The Peninsula Airport Commission is bringing in some big guns to help it carry out recommendations of a searing state audit that, among other things, says Newport News/Williamsburg International Airport should reimburse the public for the $4.5 million it used to pay off a debt the defunct People Express Airlines owed to TowneBank.
After a more than two-hour closed-door session, the commission voted to engage former U.S. District Court Judge Walter D. Kelley Jr. and the high-powered international law firm he works with as special counsel.
That firm, Hausfeld LLP, specializes in working for claimants around the globe that have a right to seek recovery of funds, according to its website.
Kelley said he would be reporting to the commission's recently appointed lawyer, Jim McNider, but declined to say exactly what the scope of the work would be.
The airport's interim executive director, Sandy Wanner, said Kelley would be advising on laws and options the commission could use to carry out the audit recommendations.
Commission Chairman George Wallace, who has said the commission would look at legal options to recover the $4.5 million, said he was distressed and surprised by the extent of the problems uncovered by the audit, ordered by the secretary of transportation after Daily Press reports on the commission repayment of the People Express loan.

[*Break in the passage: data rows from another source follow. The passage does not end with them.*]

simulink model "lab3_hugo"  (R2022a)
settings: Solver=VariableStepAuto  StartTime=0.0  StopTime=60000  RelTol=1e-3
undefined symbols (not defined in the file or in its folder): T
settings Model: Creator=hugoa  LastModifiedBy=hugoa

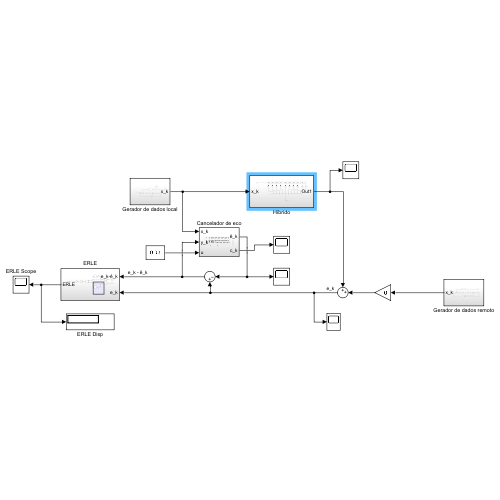
[thumbnail: Simulink's stored preview of the top-level diagram]
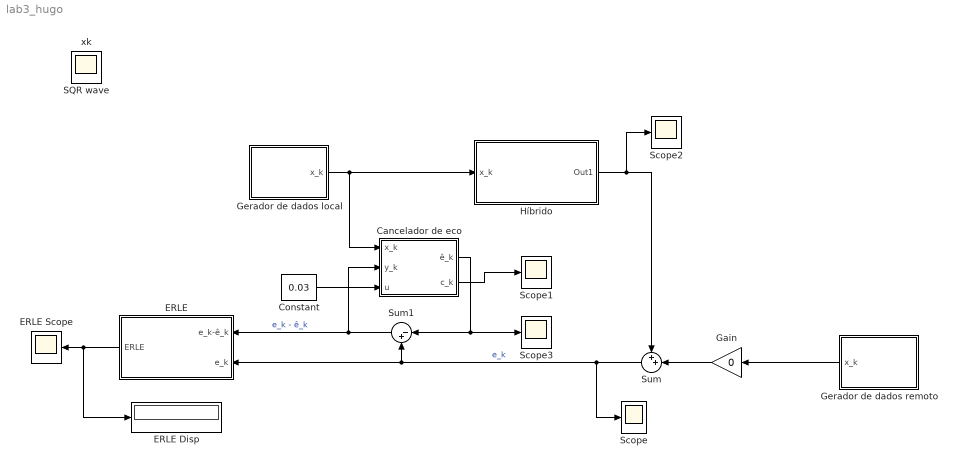
== system lab3_hugo ==
  Cancelador de eco : Subsystem
  Constant : Constant  Value=0.03
  ERLE : Subsystem
  ERLE Disp : Display
  ERLE Scope : Scope
  Gain : Gain  Gain=0
  Gerador de dados local : Subsystem
  Gerador de dados remoto : Subsystem
  Híbrido : Subsystem
  Scope{,1..3} (4 alike) : Scope
  Sum : Sum  Inputs=++|
  Sum1 : Sum  Inputs=|-+
  SQR wave : Scope
  xk : Scope
  wires:
  Gerador de dados local/1(x_k) -> Híbrido/1(x_k), Cancelador de eco/1(x_k)
  Gerador de dados remoto/1(x_k) -> Gain/1
  Gain/1 -> Sum/2
  Híbrido/1(Out1) -> Scope2/1, Sum/1
  Sum/1 -> Scope/1, ERLE/2(e_k), Sum1/2  "e_k"
  Sum1/1 -> ERLE/1(e_k-ê_k), Cancelador de eco/2(y_k)  "e_k - ê_k"
  ERLE/1(ERLE) -> ERLE Disp/1, ERLE Scope/1
  Cancelador de eco/2(c_k) -> Scope1/1
  Constant/1 -> Cancelador de eco/3(u)
  Cancelador de eco/1(ê_k) -> Scope3/1, Sum1/1

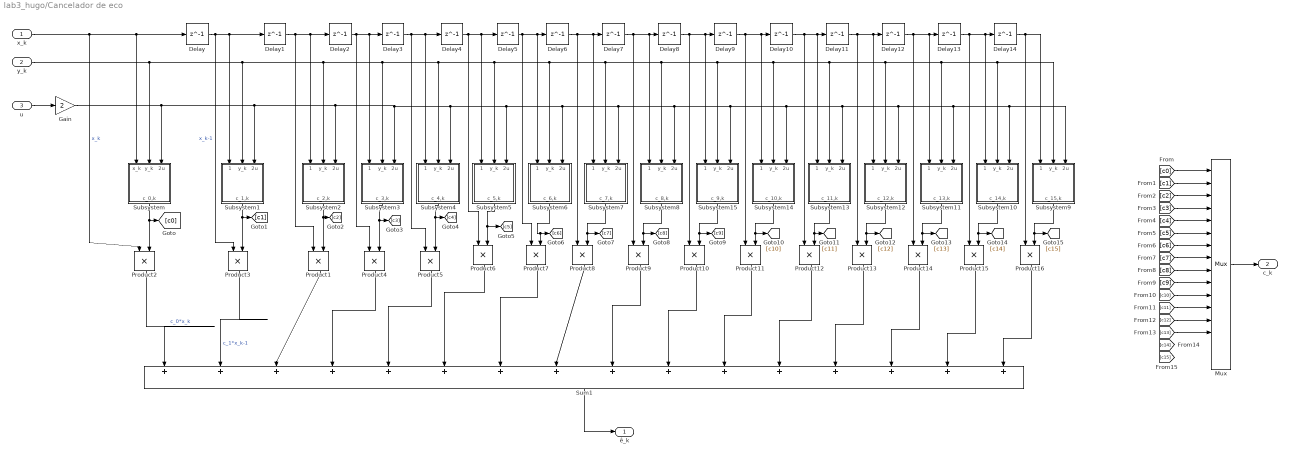
== system lab3_hugo/Cancelador de eco ==
  x_k : Inport
  y_k : Inport  Port=2
  u : Inport  Port=3
  Delay{,1..14} (15 alike) : Delay  DelayLength=1  SampleTime=T
  Gain : Gain  Gain=2
  Mux : Mux  Inputs=16
      settings: DisplayOption=signals
  Product{1..16} (16 alike) : Product
  Subsystem : Subsystem
  Subsystem1 : Subsystem
  Subsystem10 : Subsystem
  Subsystem11 : Subsystem
  Subsystem12 : Subsystem
  Subsystem13 : Subsystem
  Subsystem14 : Subsystem
  Subsystem15 : Subsystem
  Subsystem2 : Subsystem
  Subsystem3 : Subsystem
  Subsystem4 : Subsystem
  Subsystem5 : Subsystem
  Subsystem6 : Subsystem
  Subsystem7 : Subsystem
  Subsystem8 : Subsystem
  Subsystem9 : Subsystem
  Sum1 : Sum  Inputs=|++++++++++++++++
  ê_k : Outport
  c_k : Outport  Port=2
  wires:
  x_k/1 -> Product2/1, Delay/1, Subsystem/1(x_k)  "x_k"
  Delay/1 -> Delay1/1, Subsystem1/1(x_k-1), Product3/1  "x_k-1"
  Product2/1 -> Sum1/1  "c_0*x_k"
  Product3/1 -> Sum1/2  "c_1*x_k-1"
  Sum1/1 -> ê_k/1
  Subsystem1/1(c_1,k) -> Product3/2, [c1]
  Delay1/1 -> Product1/1, Delay2/1, Subsystem2/1(x_k-2)
  Gain/1 -> Subsystem5/3(2u), Subsystem6/3(2u), Subsystem7/3(2u), Subsystem8/3(2u), Subsystem15/3(2u), Subsystem14/3(2u), Subsystem13/3(2u), Subsystem12/3(2u), Subsystem11/3(2u), Subsystem10/3(2u), Subsystem9/3(2u), Subsystem4/3(2u), Subsystem3/3(2u), Subsystem2/3(2u), Subsystem1/3(2u), Subsystem/3(2u)
  Subsystem2/1(c_2,k) -> [c2], Product1/2
  Product1/1 -> Sum1/3
  Subsystem3/1(c_3,k) -> [c3], Product4/2
  Subsystem4/1(c_4,k) -> [c4], Product5/2
  Product4/1 -> Sum1/4
  Product5/1 -> Sum1/5
  Delay2/1 -> Product4/1, Delay3/1, Subsystem3/1(x_k-3)
  Delay3/1 -> Delay4/1, Subsystem4/1(x_k-4), Product5/1
  Product6/1 -> Sum1/6
  Product7/1 -> Sum1/7
  Product8/1 -> Sum1/8
  Product9/1 -> Sum1/9
  Product10/1 -> Sum1/10
  Product11/1 -> Sum1/11
  Product12/1 -> Sum1/12
  Product13/1 -> Sum1/13
  Product14/1 -> Sum1/14
  Product15/1 -> Sum1/15
  Product16/1 -> Sum1/16
  Subsystem5/1(c_5,k) -> Product6/2, [c5]
  Delay4/1 -> Product6/1, Delay5/1, Subsystem5/1(x_k-5)
  y_k/1 -> Subsystem13/2(y_k), Subsystem9/2(y_k), Subsystem10/2(y_k), Subsystem11/2(y_k), Subsystem12/2(y_k), Subsystem14/2(y_k), Subsystem15/2(y_k), Subsystem8/2(y_k), Subsystem7/2(y_k), Subsystem6/2(y_k), Subsystem5/2(y_k), Subsystem4/2(y_k), Subsystem3/2(y_k), Subsystem2/2(y_k), Subsystem1/2(y_k), Subsystem/2(y_k)
  Delay5/1 -> Delay6/1, Subsystem6/1(x_k-6), Product7/1
  Delay6/1 -> Delay7/1, Subsystem7/1(x_k-7), Product8/1
  Delay7/1 -> Delay8/1, Subsystem8/1(x_k-8), Product9/1
  Subsystem6/1(c_6,k) -> [c6], Product7/2
  Subsystem7/1(c_7,k) -> [c7], Product8/2
  Subsystem8/1(c_8,k) -> [c8], Product9/2
  Delay8/1 -> Delay9/1, Subsystem15/1(x_k-9), Product10/1
  Subsystem15/1(c_9,k) -> [c9], Product10/2
  Delay9/1 -> Subsystem14/1(x_k-10), Delay10/1, Product11/1
  Subsystem14/1(c_10,k) -> [c10], Product11/2
  Delay10/1 -> Delay11/1, Subsystem13/1(x_k-11), Product12/1
  Delay11/1 -> Subsystem12/1(x_k-12), Delay12/1, Product13/1
  Delay12/1 -> Product14/1, Subsystem11/1(x_k-13), Delay13/1
  Delay13/1 -> Subsystem10/1(x_k-14), Delay14/1, Product15/1
  Subsystem12/1(c_12,k) -> [c12], Product13/2
  Subsystem11/1(c_13,k) -> [c13], Product14/2
  Subsystem10/1(c_14,k) -> [c14], Product15/2
  Subsystem9/1(c_15,k) -> [c15], Product16/2
  Delay14/1 -> Subsystem9/1(x_k-15), Product16/1
  Subsystem13/1(c_11,k) -> [c11], Product12/2
  Subsystem/1(c_0,k) -> [c0], Product2/2
  [c0] -> Mux/1
  [c1] -> Mux/2
  [c9] -> Mux/10
  [c8] -> Mux/9
  [c7] -> Mux/8
  [c6] -> Mux/7
  [c5] -> Mux/6
  [c4] -> Mux/5
  [c3] -> Mux/4
  [c2] -> Mux/3
  [c10] -> Mux/11
  [c11] -> Mux/12
  [c12] -> Mux/13
  [c13] -> Mux/14
  Mux/1 -> c_k/1
  u/1 -> Gain/1

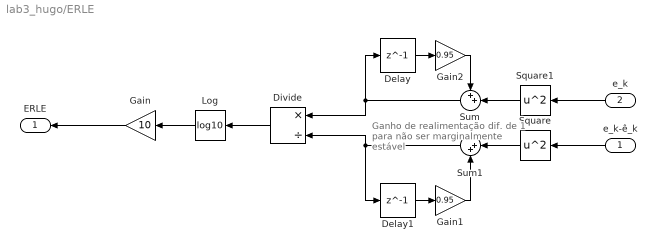
== system lab3_hugo/ERLE ==
  note: Ganho de realimentação
      | dif. de 1 para não ser
      | marginalmente estável
  e_k-ê_k : Inport
  e_k : Inport  Port=2
  Delay : Delay  DelayLength=1  SampleTime=T
  Delay1 : Delay  DelayLength=1  SampleTime=T
  Divide : Product  Inputs=*/
  Gain : Gain  Gain=10
  Gain1 : Gain  Gain=0.95
  Gain2 : Gain  Gain=0.95
  Log : Math  Operator=log10
  Square : Math  Operator=square
  Square1 : Math  Operator=square
  Sum : Sum  Inputs=++|
  Sum1 : Sum  Inputs=|++
  ERLE : Outport
  wires:
  Square1/1 -> Sum/2
  Sum1/1 -> Delay1/1, Divide/2
  Delay1/1 -> Gain1/1
  Sum/1 -> Delay/1, Divide/1
  e_k/1 -> Square1/1
  Square/1 -> Sum1/1
  e_k-ê_k/1 -> Square/1
  Log/1 -> Gain/1
  Gain1/1 -> Sum1/2
  Gain2/1 -> Sum/1
  Divide/1 -> Log/1
  Delay/1 -> Gain2/1
  Gain/1 -> ERLE/1

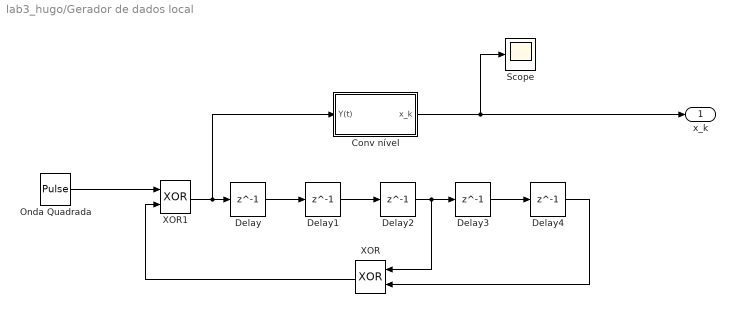
== system lab3_hugo/Gerador de dados local ==
  Conv nível : Subsystem
  Delay{,1..4} (5 alike) : Delay  DelayLength=1  SampleTime=T
  Onda Quadrada : DiscretePulseGenerator  PulseType=Time based  Period=T  PulseWidth=50
  Scope : Scope
  XOR : Logic  Operator=XOR  AllPortsSameDT=off  OutDataTypeStr=boolean
  XOR1 : Logic  Operator=XOR  AllPortsSameDT=off  OutDataTypeStr=boolean
  x_k : Outport
  wires:
  Delay1/1 -> Delay2/1
  Onda Quadrada/1 -> XOR1/1
  Delay3/1 -> Delay4/1
  Delay2/1 -> XOR/1, Delay3/1
  Conv nível/1(x_k) -> Scope/1, x_k/1
  XOR1/1 -> Conv nível/1(Y(t)), Delay/1
  Delay4/1 -> XOR/2
  Delay/1 -> Delay1/1
  XOR/1 -> XOR1/2

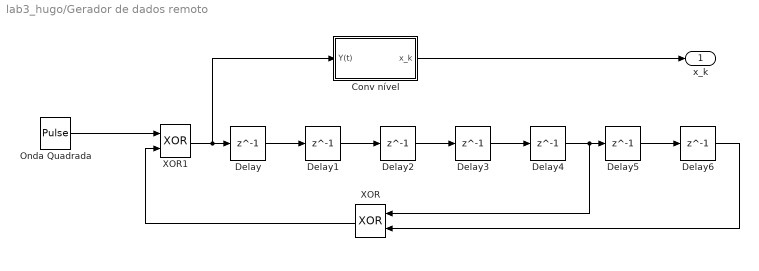
== system lab3_hugo/Gerador de dados remoto ==
  Conv nível : Subsystem
  Delay{,1..6} (7 alike) : Delay  DelayLength=1  SampleTime=T
  Onda Quadrada : DiscretePulseGenerator  PulseType=Time based  Period=2*T  PulseWidth=50
  XOR : Logic  Operator=XOR  AllPortsSameDT=off  OutDataTypeStr=boolean
  XOR1 : Logic  Operator=XOR  AllPortsSameDT=off  OutDataTypeStr=boolean
  x_k : Outport
  wires:
  XOR/1 -> XOR1/2
  Delay/1 -> Delay1/1
  XOR1/1 -> Delay/1, Conv nível/1(Y(t))
  Conv nível/1(x_k) -> x_k/1
  Delay2/1 -> Delay3/1
  Delay3/1 -> Delay4/1
  Onda Quadrada/1 -> XOR1/1
  Delay1/1 -> Delay2/1
  Delay4/1 -> Delay5/1, XOR/1
  Delay5/1 -> Delay6/1
  Delay6/1 -> XOR/2

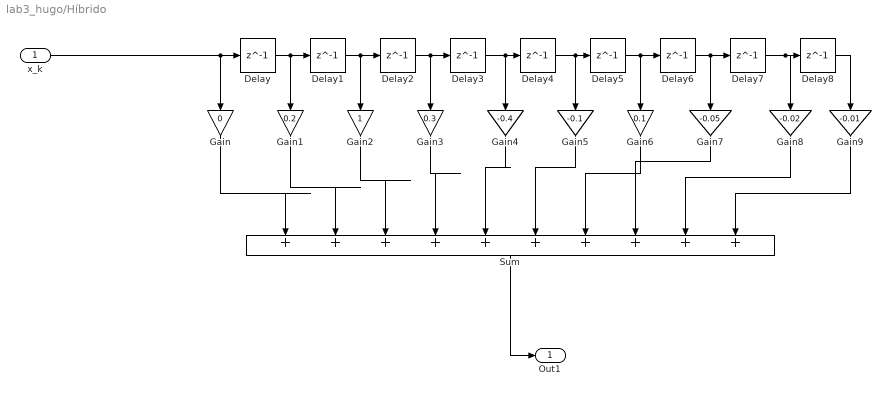
== system lab3_hugo/Híbrido ==
  x_k : Inport
  Delay{,1..8} (9 alike) : Delay  DelayLength=1  SampleTime=T
  Gain : Gain  Gain=0
  Gain1 : Gain  Gain=0.2
  Gain2 : Gain
  Gain3 : Gain  Gain=0.3
  Gain4 : Gain  Gain=-0.4
  Gain5 : Gain  Gain=-0.1
  Gain6 : Gain  Gain=0.1
  Gain7 : Gain  Gain=-0.05
  Gain8 : Gain  Gain=-0.02
  Gain9 : Gain  Gain=-0.01
  Sum : Sum  Inputs=|++++++++++
  Out1 : Outport
  wires:
  Delay5/1 -> Gain6/1, Delay6/1
  x_k/1 -> Delay/1, Gain/1
  Delay4/1 -> Gain5/1, Delay5/1
  Gain6/1 -> Sum/7
  Delay1/1 -> Delay2/1, Gain2/1
  Gain5/1 -> Sum/6
  Gain9/1 -> Sum/10
  Delay/1 -> Delay1/1, Gain1/1
  Delay2/1 -> Gain3/1, Delay3/1
  Gain/1 -> Sum/1
  Gain7/1 -> Sum/8
  Gain3/1 -> Sum/4
  Gain4/1 -> Sum/5
  Delay8/1 -> Gain9/1
  Delay3/1 -> Delay4/1, Gain4/1
  Delay7/1 -> Gain8/1, Delay8/1
  Gain2/1 -> Sum/3
  Delay6/1 -> Delay7/1, Gain7/1
  Gain1/1 -> Sum/2
  Gain8/1 -> Sum/9
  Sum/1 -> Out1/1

"Disappointed, frustrated, some degree of anger," he said. "And resolved to do what it takes to make this better."
The 300-plus-page audit released last week found the commission's use of taxpayer funds to pay off a $4.5 million debt People Express owed TowneBank was unauthorized, noting, for instance, that the 1946 law setting up the commission did not empower it to promise to pay off private entities' debt.
Separately, Attorney General Mark Herring issued an opinion that the commission's payment violated the state constitution.
The legality of the guarantee the commission made to repay loans People Express took out under a line of credit from TowneBank, a promise it had to make good on when the airline stopped flying after less than three months, could be a critical issue in any effort to recover the money.
The audit also blasted the commission for a lack of due diligence before guaranteeing the line of credit, detailing a multiyear history of People Express' unfulfilled promises to find other financing.
It noted that it was not until some weeks after guaranteeing the credit line that commission officials learned that a key agreement between People Express and Vision Air, the company it hired to operate service from the airport, had been radically revised to deem People Express merely a sales agent for Vision.
The audit also found that former airport director Ken Spirito misled the commission board and reported he had been seen destroying some records and removing others after the audit was ordered.
The audit detailed the extensive behind-the-scenes efforts of former Newport News City Manager Jim Bourey to arrange some kind of financing for People Express, including the loan guarantee that eventually forced the commission to repay TowneBank.
Wallace said he was "somewhat taken aback by how much we weren't told."
The commission decided to guarantee the TowneBank loan by using taxpayer funds in a closed-door meeting in June 2014. The public motion to proceed, drafted by Herbert V. Kelly, Jr., a member of TowneBank's Peninsula board who was the airport attorney at the time, said only that it was authorizing then-Chairwoman LaDonna Finch to take unspecified steps to ensure adequate air service.
That was one of several examples the audit cited of commission efforts to mislead the public.
The commission will pay Hausfeld $30,000 for its help.
State Transportation Secretary Aubrey Layne has said one option for carrying out the auditors' recommendation that the airport reimburse the public for the $4.5 million would be for the commission to recover the money and then use it for the kind of investment in public airport facilities it was intended for.
Another might be to withhold state funds that would otherwise go the the airport, to reimburse the state that way, he said.
The state has been paying the airport about $2 million a year for capital projects. It's been a key flow of money that has kept the airport from needing to cash in assets to make up for annual losses on its operations.